This question is motivated by an older question about tiling an orthogonal polygon with squares. It is a generalisation of my former question about how to prove that the minimum square partition of a 3X2 rectangle has 3 squares).


  • An almost-square-rectangle be a rectangle that has a width $w$ and height $h=w-1$.
  • A square partitioning be a covering by non-overlapping squares; the entire rectangle must be covered, all the squares must be disjoint.
  • A minimum-square-partitioning be a square partitioning, for which is no square partitioning that is made of a lesser number of squares.

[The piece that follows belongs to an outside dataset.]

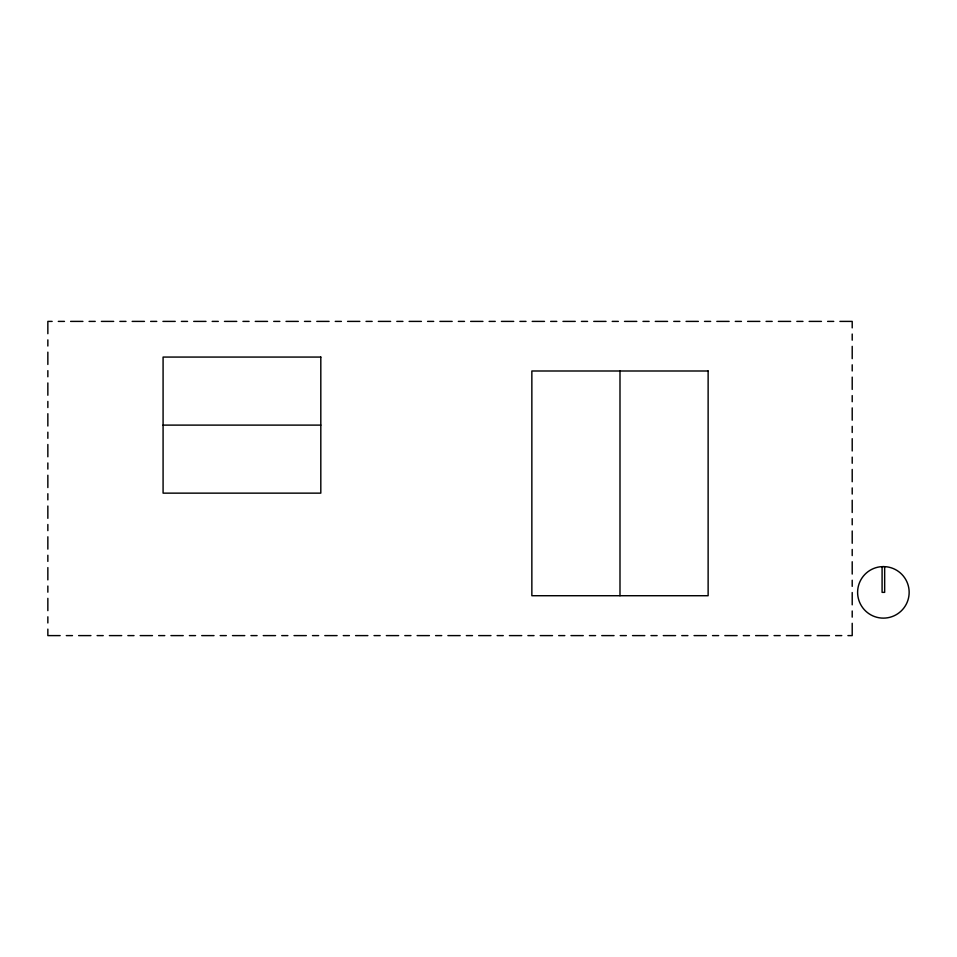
<?xml version="1.0" encoding="UTF-8"?>
<svg xmlns="http://www.w3.org/2000/svg" width="957" height="957" viewBox="0 0 957 957"><rect width="100%" height="100%" fill="white"/><g stroke="black" fill="none" stroke-linecap="round" stroke-linejoin="round"><path stroke-width="1.44" d="M52.145 321.396L47.85 321.396L47.85 333.706M58.305 321.396L64.454 321.396M70.615 321.396L82.924 321.396M89.073 321.396L95.233 321.396M101.382 321.396L113.692 321.396M119.84 321.396L126.001 321.396M132.15 321.396L144.459 321.396M150.62 321.396L156.769 321.396M162.929 321.396L175.239 321.396M181.387 321.396L187.548 321.396M193.697 321.396L206.006 321.396M212.155 321.396L218.316 321.396M224.464 321.396L236.774 321.396M242.934 321.396L249.083 321.396M255.244 321.396L267.553 321.396M273.702 321.396L279.863 321.396M286.011 321.396L298.321 321.396M304.482 321.396L310.63 321.396M316.779 321.396L329.088 321.396M335.249 321.396L341.398 321.396M347.558 321.396L359.868 321.396M366.017 321.396L372.177 321.396M378.326 321.396L390.635 321.396M396.796 321.396L402.945 321.396M409.106 321.396L421.403 321.396M427.564 321.396L433.712 321.396M439.873 321.396L452.183 321.396M458.331 321.396L464.492 321.396M470.641 321.396L482.95 321.396M489.111 321.396L495.259 321.396M501.42 321.396L513.73 321.396M519.878 321.396L526.027 321.396M532.188 321.396L544.497 321.396M550.646 321.396L556.807 321.396M562.955 321.396L575.265 321.396M581.425 321.396L587.574 321.396M593.735 321.396L606.044 321.396M612.193 321.396L618.354 321.396M624.502 321.396L636.812 321.396M642.96 321.396L649.121 321.396M655.27 321.396L667.579 321.396M673.74 321.396L679.889 321.396M686.049 321.396L698.359 321.396M704.508 321.396L710.668 321.396M716.817 321.396L729.126 321.396M735.275 321.396L741.436 321.396M747.584 321.396L759.894 321.396M766.055 321.396L772.203 321.396M778.364 321.396L790.673 321.396M796.822 321.396L802.983 321.396M809.132 321.396L821.441 321.396M827.602 321.396L833.75 321.396M839.899 321.396L852.208 321.396L852.208 327.88M163.085 425.111L320.81 425.111M60.159 635.604L47.85 635.604L47.85 629.12M66.308 635.604L72.469 635.604M78.618 635.604L90.927 635.604M97.088 635.604L103.236 635.604M109.397 635.604L121.706 635.604M127.855 635.604L134.016 635.604M140.165 635.604L152.474 635.604M158.623 635.604L164.783 635.604M170.932 635.604L183.242 635.604M189.402 635.604L195.551 635.604M201.712 635.604L214.021 635.604M220.17 635.604L226.331 635.604M232.479 635.604L244.789 635.604M250.949 635.604L257.098 635.604M263.247 635.604L275.556 635.604M281.717 635.604L287.866 635.604M294.026 635.604L306.336 635.604M312.484 635.604L318.645 635.604M324.794 635.604L337.103 635.604M343.264 635.604L349.413 635.604M355.573 635.604L367.871 635.604M374.031 635.604L380.18 635.604M386.341 635.604L398.65 635.604M404.799 635.604L410.96 635.604M417.108 635.604L429.418 635.604M435.579 635.604L441.727 635.604M447.888 635.604L460.197 635.604M466.346 635.604L472.495 635.604M478.656 635.604L490.965 635.604M497.114 635.604L503.274 635.604M509.423 635.604L521.732 635.604M527.893 635.604L534.042 635.604M540.203 635.604L552.512 635.604M558.661 635.604L564.821 635.604M570.97 635.604L583.28 635.604M589.428 635.604L595.589 635.604M601.738 635.604L614.047 635.604M620.208 635.604L626.357 635.604M632.517 635.604L644.827 635.604M650.975 635.604L657.136 635.604M663.285 635.604L675.594 635.604M681.743 635.604L687.904 635.604M694.052 635.604L706.362 635.604M712.522 635.604L718.671 635.604M724.832 635.604L737.141 635.604M743.29 635.604L749.451 635.604M755.599 635.604L767.909 635.604M774.069 635.604L780.218 635.604M786.367 635.604L798.676 635.604M804.837 635.604L810.986 635.604M817.146 635.604L829.456 635.604M835.605 635.604L841.765 635.604M847.914 635.604L852.208 635.604L852.208 623.294M884.663 566.664L884.663 592.359L882.091 592.359L882.091 566.664M852.208 334.041L852.208 340.19M852.208 346.35L852.208 358.66M852.208 364.808L852.208 370.969M852.208 377.118L852.208 389.427M852.208 395.588L852.208 401.737M852.208 407.885L852.208 420.195M852.208 426.355L852.208 432.504M852.208 438.665L852.208 450.974M852.208 457.123L852.208 463.284M852.208 469.432L852.208 481.742M852.208 487.903L852.208 494.051M852.208 500.212L852.208 512.509M852.208 518.67L852.208 524.819M852.208 530.979L852.208 543.289M852.208 549.438L852.208 555.598M852.208 561.747L852.208 574.056M852.208 580.217L852.208 586.366M852.208 592.527L852.208 604.836M852.208 610.985L852.208 617.133M619.992 370.993L619.992 595.721M47.85 339.867L47.85 346.015M47.85 352.164L47.85 364.473M47.85 370.634L47.85 376.783M47.85 382.944L47.85 395.253M47.85 401.402L47.85 407.562M47.85 413.711L47.85 426.021M47.85 432.181L47.85 438.33M47.85 444.491L47.85 456.788M47.85 462.949L47.85 469.097M47.85 475.258L47.85 487.568M47.85 493.716L47.85 499.877M47.85 506.026L47.85 518.335M47.85 524.496L47.85 530.645M47.85 536.805L47.85 549.115M47.85 555.263L47.85 561.412M47.85 567.573L47.85 579.882M47.85 586.031L47.85 592.192M47.85 598.34L47.85 610.65M47.85 616.81L47.85 622.959M883.383 566.58L880.009 566.807A25.767 25.767 0 0 0 861.647 606.2A25.767 25.767 0 0 0 905.119 606.2A25.767 25.767 0 0 0 886.744 566.807L883.383 566.58M320.81 357.069L163.085 357.069L163.085 493.142L320.81 493.142L320.81 357.069M708.132 370.993L531.853 370.993L531.853 595.721L708.132 595.721L708.132 370.993"/></g></svg>

enter image description here

Top row: The almost-square-rectangles of widths $3$, $4$ and $5$. Bottom row: Are these miminum-square-partitions of their corresponding rectangles?

My question is now:

What is the minimum-square-partitioning of an almost-square-rectangle?

Can we prove ${\rm M{\small IN}S{\small QUARES}}(R_{w,h=w-1})=w$?

Note a follow-up question, Minimum square partitions for 4x3 and 5x4 rectangles.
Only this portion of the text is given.